Above those, on the shelf set into the wall, is my complete Animorphs collection, my picture of my middle brother and I as children, and in the corner facing out, All Colour but the Black, the Bleach art book. Above the Animorphs books, on the flat wall, a painting by Ira and myself in acryilics and watercolors. On that same self stretching across the left-hand wall is my Bleach collection, my One-Punch Man up through volume 15, my Zelda mangas, the Templar, Arizona books by Iron Spike, Adventure Time's Marceline and the Scream Queens by Meredith Gran et al, random assortment of comic books, a couple Pokémon mangas, and at the end, the Penguin Classics collection No. 22 of short works by a wide variety of authors and thinkers. 

Returning to the rear left-hand corner back at ground level are the four plastic drawers in which printed material is sorted and stored, atop which is stacked some unsorted material and art objects crafted by Ezra. A wooden frame from an old mirror I salvaged from the apartment I lived alone at before Ezra moved in with me--I used a camping knife given to me by a previous parter to work loose and disponse with the staples that held a rotting board backing to the frame, not without an immature and unenjoyable pleasure in misusing that tool, laden as it was with memory and meaning--is propped in front of a door set into the left-hand wall that leads into a crawlspace. In the mirror frame, in front of the white-painted door, hangs a thrifted scroll with inks of three goldfish derived from a Chinese style, hard to say which, hard to say the provenance, but a nice picture and a nice texture on the material of the scroll, which cost a dollar. Hung on the extreme ledge of the ornately carved top of the frame is my old censorship bookbag, with like banned books printed on it in Courier and the other side is the same print but redacted. I'm a big fan of censorship in that it generates reading lists that are either interesting to pursue or hysterically funny. The destruction of history and the ability to persecute private citizens for what they read or have around to read is less good, but omelettes require the breaking of eggs, as I am sure we all understand and is definitely revelant. 

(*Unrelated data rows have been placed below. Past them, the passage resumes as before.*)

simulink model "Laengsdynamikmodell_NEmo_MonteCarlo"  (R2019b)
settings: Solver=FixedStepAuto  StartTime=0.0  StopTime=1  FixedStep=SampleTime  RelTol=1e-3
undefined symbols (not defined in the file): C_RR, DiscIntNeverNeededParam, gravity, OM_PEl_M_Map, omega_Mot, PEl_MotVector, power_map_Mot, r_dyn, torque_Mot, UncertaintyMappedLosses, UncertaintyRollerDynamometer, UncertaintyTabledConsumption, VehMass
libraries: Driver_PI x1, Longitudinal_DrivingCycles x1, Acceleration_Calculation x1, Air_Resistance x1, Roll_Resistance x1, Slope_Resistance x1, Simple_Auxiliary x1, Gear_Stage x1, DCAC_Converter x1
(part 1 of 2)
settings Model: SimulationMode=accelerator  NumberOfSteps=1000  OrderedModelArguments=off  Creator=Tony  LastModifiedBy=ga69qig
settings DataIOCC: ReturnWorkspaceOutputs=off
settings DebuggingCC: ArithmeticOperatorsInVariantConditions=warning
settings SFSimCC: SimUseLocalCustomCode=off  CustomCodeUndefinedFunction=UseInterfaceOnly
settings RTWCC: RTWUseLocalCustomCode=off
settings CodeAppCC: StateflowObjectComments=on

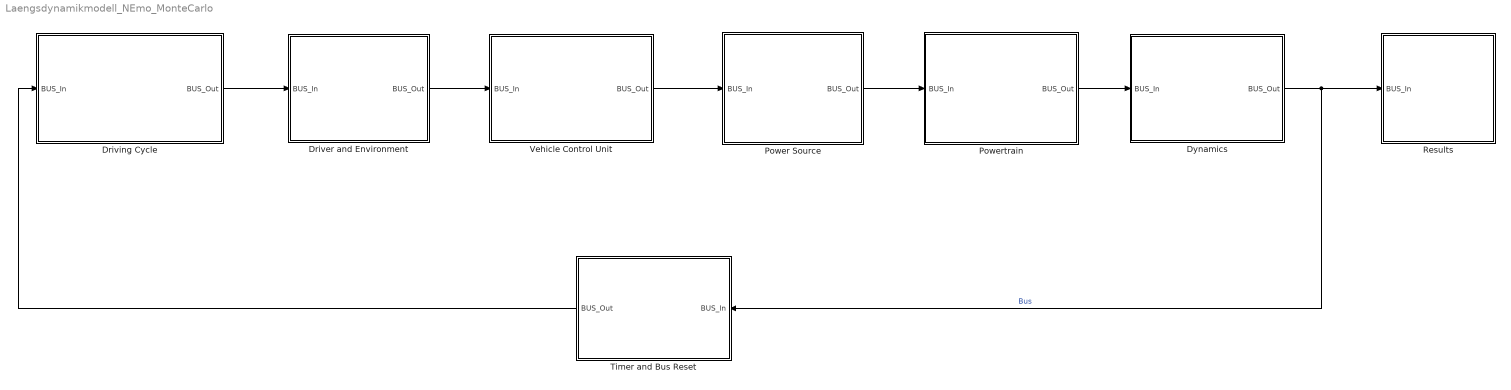
== system Laengsdynamikmodell_NEmo_MonteCarlo ==
  Driver and Environment : Subsystem
      mask help:
      | <Author> Alexander Koch based on Stefan Müller, Stephan Rohr
      | <Date> 03/04/2017
      |
      | <Description>
      | Consist of a Bus In and a Bus Out Block. To Select Signals from the Bus open the Bus In Block, to write signals to the Bus under a certain tab name open the bus out block. For further information, please read the discription of the Bus In and Bus out Block
      |
      | The Block automaticlly disconnects the link to the library block after opening the first time
      |
      | <Parameters>
      | -
      |
      | <Inputs>
      | BUS_In [Bus]
      |
      | <Outputs>
      | Bus_Out [Bus]
      settings: OpenFcn=|
      | set_param(gcb(),'LinkStatus','none')
      | open_system(gcb(),'force')
      mask Display:
      | [picturexpos,pictureypos,picturewidth,pictureheight] = ...
      |     CalcBlockPicturePosition(gcb,1,0.01,0.1,30,30); % calculating picture position depending on Block size and minimum margin size
      | image('Driver_PI.svg',[picturexpos pictureypos picturewidth pictureheight]); % plot picture to block
  Driving Cycle : Subsystem
      mask help:
      | <Author> Alexander Koch based on Stefan Müller, Stephan Rohr
      | <Date> 03/04/2017
      |
      | <Description>
      | Consist of a Bus In and a Bus Out Block. To Select Signals from the Bus open the Bus In Block, to write signals to the Bus under a certain tab name open the bus out block. For further information, please read the discription of the Bus In and Bus out Block
      |
      | The Block automaticlly disconnects the link to the library block after opening the first time
      |
      | <Parameters>
      | -
      |
      | <Inputs>
      | BUS_In [Bus]
      |
      | <Outputs>
      | Bus_Out [Bus]
      settings: OpenFcn=|
      | set_param(gcb(),'LinkStatus','none')
      | open_system(gcb(),'force')
      mask Display:
      | [picturexpos,pictureypos,picturewidth,pictureheight] = ...
      |     CalcBlockPicturePosition(gcb,1,0.01,0.1,50,50); % calculating picture position depending on Block size and minimum margin size
      | image('Longitudinal_DrivingCycles.svg',[picturexpos pictureypos picturewidth pictureheight]); % plot picture to block
  Dynamics : Subsystem
      mask help:
      | <Author> Alexander Koch based on Stefan Müller, Stephan Rohr
      | <Date> 03/04/2017
      |
      | <Description>
      | Consist of a Bus In and a Bus Out Block. To Select Signals from the Bus open the Bus In Block, to write signals to the Bus under a certain tab name open the bus out block. For further information, please read the discription of the Bus In and Bus out Block
      |
      | The Block automaticlly disconnects the link to the library block after opening the first time
      |
      | <Parameters>
      | -
      |
      | <Inputs>
      | BUS_In [Bus]
      |
      | <Outputs>
      | Bus_Out [Bus]
      settings: OpenFcn=|
      | set_param(gcb(),'LinkStatus','none')
      | open_system(gcb(),'force')
      mask Display:
      | [picturexpos,pictureypos,picturewidth,pictureheight] = ...
      |     CalcBlockPicturePosition(gcb,1,0.01,0.1,40,50); % calculating picture position depending on Block size and minimum margin size
      | image('Acceleration_Calculation.svg',[picturexpos pictureypos picturewidth pictureheight]); % plot picture to block
  Power Source : Subsystem
      mask help:
      | <Author> Alexander Koch based on Stefan Müller, Stephan Rohr
      | <Date> 03/04/2017
      |
      | <Description>
      | Consist of a Bus In and a Bus Out Block. To Select Signals from the Bus open the Bus In Block, to write signals to the Bus under a certain tab name open the bus out block. For further information, please read the discription of the Bus In and Bus out Block
      |
      | The Block automaticlly disconnects the link to the library block after opening the first time
      |
      | <Parameters>
      | -
      |
      | <Inputs>
      | BUS_In [Bus]
      |
      | <Outputs>
      | Bus_Out [Bus]
      settings: OpenFcn=|
      | set_param(gcb(),'LinkStatus','none')
      | open_system(gcb(),'force')
      mask Display:
      | [picturexpos,pictureypos,picturewidth,pictureheight] = ...
      |     CalcBlockPicturePosition(gcb,3/6,0.01,0.1,40,40); % calculating picture position depending on Block size and minimum margin size
      | image('Constant_Power_Source.svg',[picturexpos pictureypos picturewidth pictureheight]); % plot picture to block
  Powertrain : Subsystem
      mask help:
      | <Author> Alexander Koch based on Stefan Müller, Stephan Rohr
      | <Date> 03/04/2017
      |
      | <Description>
      | Consist of a Bus In and a Bus Out Block. To Select Signals from the Bus open the Bus In Block, to write signals to the Bus under a certain tab name open the bus out block. For further information, please read the discription of the Bus In and Bus out Block
      |
      | The Block automaticlly disconnects the link to the library block after opening the first time
      |
      | <Parameters>
      | -
      |
      | <Inputs>
      | BUS_In [Bus]
      |
      | <Outputs>
      | Bus_Out [Bus]
      settings: OpenFcn=|
      | set_param(gcb(),'LinkStatus','none')
      | open_system(gcb(),'force')
      mask Display:
      | [picturexpos,pictureypos,picturewidth,pictureheight] = ...
      |     CalcBlockPicturePosition(gcb,1,0.01,0.1,40,40); % calculating picture position depending on Block size and minimum margin size
      | image('Electric_Drive_Simple_Efficiency.svg',[picturexpos pictureypos picturewidth pictureheight]); % plot picture to block
  Results : Subsystem
      mask help:
      | <Author> Alexander Koch
      | <Date> 03/04/2017
      | <Predecessor> Stefan Müller, Stephan Rohr
      |
      | <Description>
      | Consist of a Bus In and a Bus Out Block. To Select Signals from the Bus open the Bus In Block, to write signals to the Bus under a certain tab name open the bus out block. For further information, please read the discription of the Bus In and Bus out Block
      |
      | The Block automaticlly disconnects the link to the library block after opening the first time
      |
      | <Parameters>
      | -
      |
      | <Inputs>
      | Bus [Bus]
      |
      | <Outputs>
      | Bus [Bus]
      settings: OpenFcn=|
      | set_param(gcb(),'LinkStatus','none')
      | open_system(gcb(),'force')
      mask Display:
      | [picturexpos,pictureypos,picturewidth,pictureheight] = ...
      |     CalcBlockPicturePosition(gcb,1,0.01,0.1,40,10); % calculating picture position depending on Block size and minimum margin size
      | image('Scopes_Simulation.svg',[picturexpos pictureypos picturewidth pictureheight]); % plot picture to block
  Timer and Bus Reset : Subsystem
      settings: OpenFcn=|
      | set_param(gcb(),'LinkStatus','none')
      | open_system(gcb(),'mask')
      mask DialogControl RefreshBus Prompt: Refresh Bus
      mask DialogControl RefreshBus Callback: TimerandBusResetRefreshBus()
      mask Display:
      | [picturexpos,pictureypos,picturewidth,pictureheight] = ...
      |     CalcBlockPicturePosition(gcb,1,0.01,0.1,50,50); % calculating picture position depending on Block size and minimum margin size
      | image('reset.png',[picturexpos pictureypos picturewidth pictureheight]); % plot picture to block
  Vehicle Control Unit : Subsystem
      mask help:
      | <Author> Alexander Koch based on Stefan Müller, Stephan Rohr
      | <Date> 03/04/2017
      |
      | <Description>
      | Consist of a Bus In and a Bus Out Block. To Select Signals from the Bus open the Bus In Block, to write signals to the Bus under a certain tab name open the bus out block. For further information, please read the discription of the Bus In and Bus out Block
      |
      | The Block automaticlly disconnects the link to the library block after opening the first time
      |
      | <Parameters>
      | -
      |
      | <Inputs>
      | BUS_In [Bus]
      |
      | <Outputs>
      | Bus_Out [Bus]
      settings: OpenFcn=|
      | set_param(gcb(),'LinkStatus','none')
      | open_system(gcb(),'force')
      mask Display:
      | [picturexpos,pictureypos,picturewidth,pictureheight] = ...
      |     CalcBlockPicturePosition(gcb,1,0.01,0.1,30,30); % calculating picture position depending on Block size and minimum margin size
      | image('Control_Unit_Simple.svg',[picturexpos pictureypos picturewidth pictureheight]); % plot picture to block
  wires:
  Power Source/1(BUS_Out) -> Powertrain/1(BUS_In)
  Driver and Environment/1(BUS_Out) -> Vehicle Control Unit/1(BUS_In)
  Driving Cycle/1(BUS_Out) -> Driver and Environment/1(BUS_In)
  Vehicle Control Unit/1(BUS_Out) -> Power Source/1(BUS_In)
  Timer and Bus Reset/1(BUS_Out) -> Driving Cycle/1(BUS_In)
  Dynamics/1(BUS_Out) -> Timer and Bus Reset/1(BUS_In), Results/1(BUS_In)  "Bus"
  Powertrain/1(BUS_Out) -> Dynamics/1(BUS_In)

== system Laengsdynamikmodell_NEmo_MonteCarlo/Driver and Environment ==
  BUS_In : Inport
  BUS IN : Subsystem
      mask help:
      | <Author> Alexander Koch based on Stefan Müller, Stephan Rohr
      | <Date> 02/05/2017
      |
      | <Description>
      | Automated BUS IN Block for the Bus System. After the Bus In is connected and receives signals it is possible to choose the required signals by clicking on the block. After choosing the signals it is possible to push the Refresh button. This button builds the required amount of outputs, connects the Bus Selector and the Outputs and rename all the outputs with the corresponding signal name.
      |
      | The Block automaticlly disconnects the link to the library block after opening the first time
      |
      | <Parameters>
      | -
      |
      | <Inputs>
      | Bus [Bus]
      |
      | <Outputs>
      | Bus [Bus]
      | SignalName[-]
      mask init:
      | BusInInitFct()
      settings: OpenFcn=|
      | set_param(gcb(),'LinkStatus','none')
      | open_system(gcb(),'mask')
      | open_system(strcat(gcb(),'/Bus Selector'),'Parameter')
      mask DialogControl ParameterGroupVar Prompt: Refresh
      mask DialogControl RefreshOutputs Prompt: Refresh all Output Names
      mask DialogControl RefreshOutputs Callback: BusInInitFct()
  BUS OUT : Subsystem  mask{NumberofInputs=6, NameSys='Driver and Enironment'}
      mask prompts: NumberofInputs "Numper of costum inputs"; NameSys "Name of Bus Subsystem"
      mask help:
      | <Author> Alexander Koch based on Stefan Müller, Stephan Rohr
      | <Date> 02/05/2017
      |
      | <Description>
      | Automated BUS Out Block for the Bus System. Allows to enter the Number of costum inputs and the name of the bus system. After entering the parameters the required amout of Inputs are built and connected to the Bus Creator. The signal names that are connected to the inputs In1, ..., InN are automatically adopted at the Bus signal names and can be found in the Bus under the name of the Bus Subsystem. If the signal (line) to the Inport has no name, the name of the previous blocks outport is taken. If this is not possible, the name if the previous block is taken for the Bus signal name.
      |
      | Additional, there are two buttons. The Refresh Input Names refreshes all Input Names. This is required if signal names are changed or signals are connected for the first time. To build a new system or if another Subsystem is added between existing subsystems, the Refresh Bus Selector is required at every subsystem that is calculated after the new subsystem.
      |
      | The Block automaticlly disconnects the link to the library block after opening the first time
      |
      | <Parameters>
      | Number of costum inputs [-]
      | Name of Bus Subsystem ['abc']
      |
      | <Inputs>
      | Bus [Bus]
      | In1 [ ]
      |
      | <Outputs>
      | Bus [Bus]
      mask init:
      | BusRefreshInputs()
      settings: OpenFcn=|
      | set_param(gcb(),'LinkStatus','none')
      | open_system(gcb(),'mask')
      mask DialogControl Container3 Prompt: Refresh
      mask DialogControl RefreshInputNames Prompt: Refresh Input Names
      mask DialogControl RefreshInputNames Callback: BusRefreshLineNames()
      mask DialogControl RefreshBusSelector Prompt: Refresh Bus Selector
      mask DialogControl RefreshBusSelector Callback: BusRefreshBusSelector()
  Constant Environment : Subsystem  AncestorBlock=Constant_Environment/Constant Environment  mask(SB){Ground_Slope=0, Long_Wind_Speed=0, Ambient_P=101325, Ambient_Temp=293.15, LocalSampleTime=-1}
      mask prompts: Ground_Slope "Ground Slope [rad]"; Long_Wind_Speed "Longitudinal Wind Velocity [m/s]"; Ambient_P "Ambient Pressure [Pa]"; Ambient_Temp "Ambient Temperature [K]"; LocalSampleTime "Local System Sample-Time [s]"
      mask help:
      | <Author> Tony Weiss based on Alexander Koch </Author>
      | <Date> 31/12/2017 </Date>
      | <Source>
      | [1] A. Koch, “Aufbau einer modularen Komponentenbibliothek für Gesamtfahrzeugsimulationen in Matlab/Simulink,” Technische Universität München, München, 2017
      | </Source>
      |
      | <Description>
      | Requires a ground slope, a longitudinal wind velocity, an ambient temperature and an ambient pressure and gives these constant values as signals. Ambient pressure is preset to 101325 Pa (standard pressure at sea level), ambient temperature is preset to 298.15 K.
      | </Description>
      mask init:
      | GlobalSampleTime = CalcGlobalSampleTime(LocalSampleTime);
      mask Help:
      | <Parameters>
      | Ground Slope [rad]
      | Longitudinal Wind Velocity [m/s]
      | Ambient Temperature [K]
      | Ambient Pressure [Pa]
      | Local System Sample-Time [s]
      | 	<Min> GlobalSampleTime </Min>
      | Global Sample-Time [s]
      | </Parameters>
      | 
      | <Inputs>
      | </Inputs>
      | 
      | <Outputs>
      | GroundSlope [rad]
      | LongWindVelocity [m/s]
      | AmbientTemperature [K]
      | AmbientPressure [Pa]
      | </Outputs>
      mask TypeOptions Ground_Slope: Const_Ground_Slope/Value
      mask TypeOptions Long_Wind_Speed: Const_Long_Wind_Velocity/Value
      mask TypeOptions Ambient_P: Const_Ambient_Pressure/Value
      mask TypeOptions Ambient_Temp: Const_Ambient_Temperature/Value
      mask TypeOptions LocalSampleTime: Const_Ambient_Pressure/SampleTime | Const_Ambient_Temperature/SampleTime | Const_Ground_Slope/SampleTime | Const_Long_Wind_Velocity/SampleTime
      mask DialogControl Container3 Prompt: Documentation:
      mask DialogControl Control2 Prompt: %<MaskHelp>
      mask DialogControl Container5 Prompt: Sample Time
      mask Display:
      | [picturexpos,pictureypos,picturewidth,pictureheight] = ...
      |     CalcBlockPicturePosition(gcb,1,0.01,0.1,10,100); % calculating picture position depending on Block size and minimum margin size
      | image('Constant_Environment.svg',[picturexpos pictureypos picturewidth pictureheight]) % plot picture to block
  Driver PI : Driver_PI/Driver PI  ThrottleP=7  ThrottleI=1  BrakeP=7  BrakeI=1.5  WeightingFactorPrecontrol=0  MaxVehicleSpeed=80  hysteresis=0.05  LocalSampleTime=-1
  BUS_Out : Outport  VectorParamsAs1DForOutWhenUnconnected=off
  wires:
  BUS IN/1(BUS) -> BUS OUT/1(BUS)
  BUS OUT/1(BUS_OUT) -> BUS_Out/1
  BUS_In/1 -> BUS IN/1(BUS_In)
  BUS IN/2(v [m/s]) -> Driver PI/1
  Driver PI/1 -> BUS OUT/2(In1)
  Driver PI/2 -> BUS OUT/3(In2)
  Constant Environment/1(GroundSlope [rad]) -> BUS OUT/4(In3)
  Constant Environment/2(LongWindVelocity [m/s]) -> BUS OUT/5(In4)
  BUS IN/3(VehSpd [m/s]) -> Driver PI/2
  Constant Environment/3(AmbientTemperature [K]) -> BUS OUT/6(In5)
  Constant Environment/4(AmbientPressure [Pa]) -> BUS OUT/7(In6)

== system Laengsdynamikmodell_NEmo_MonteCarlo/Driving Cycle ==
  BUS_In : Inport
  BUS IN : Subsystem
      mask help:
      | <Author> Alexander Koch
      | <Date> 02/05/2017
      | <Predecessor> Stefan Müller, Stephan Rohr
      |
      | <Description>
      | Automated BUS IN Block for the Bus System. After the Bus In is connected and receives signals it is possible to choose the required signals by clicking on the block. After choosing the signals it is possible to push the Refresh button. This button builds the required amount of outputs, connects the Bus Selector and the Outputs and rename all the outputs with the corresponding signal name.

Censorship bad. Just to be clear. Sometimes I do fail to understand how heavily I cloak my irony. This is already a digression, and no place for further elaboration, but as always in our modern times the question of the censorship of hate speech as a necessary exemption hangs over the question of censorship and free speech in general. My take is many takes, originating from many places and making use of different rhetroical leverage and thrust. In another time or place, dear reader, I will say more.

Moving on to the shelving along the left-hand wall at ground level, we have a small shelf extremely laden with art books, comic anthologies and collections, oversize comic novellas and novels, the three Dark Horse Zelda hardcover lore books, and photo essays, topped with and supporting a leaning pile of children's books large, small, in-between, and eclectic in as many other ways as I have been able to manage as well.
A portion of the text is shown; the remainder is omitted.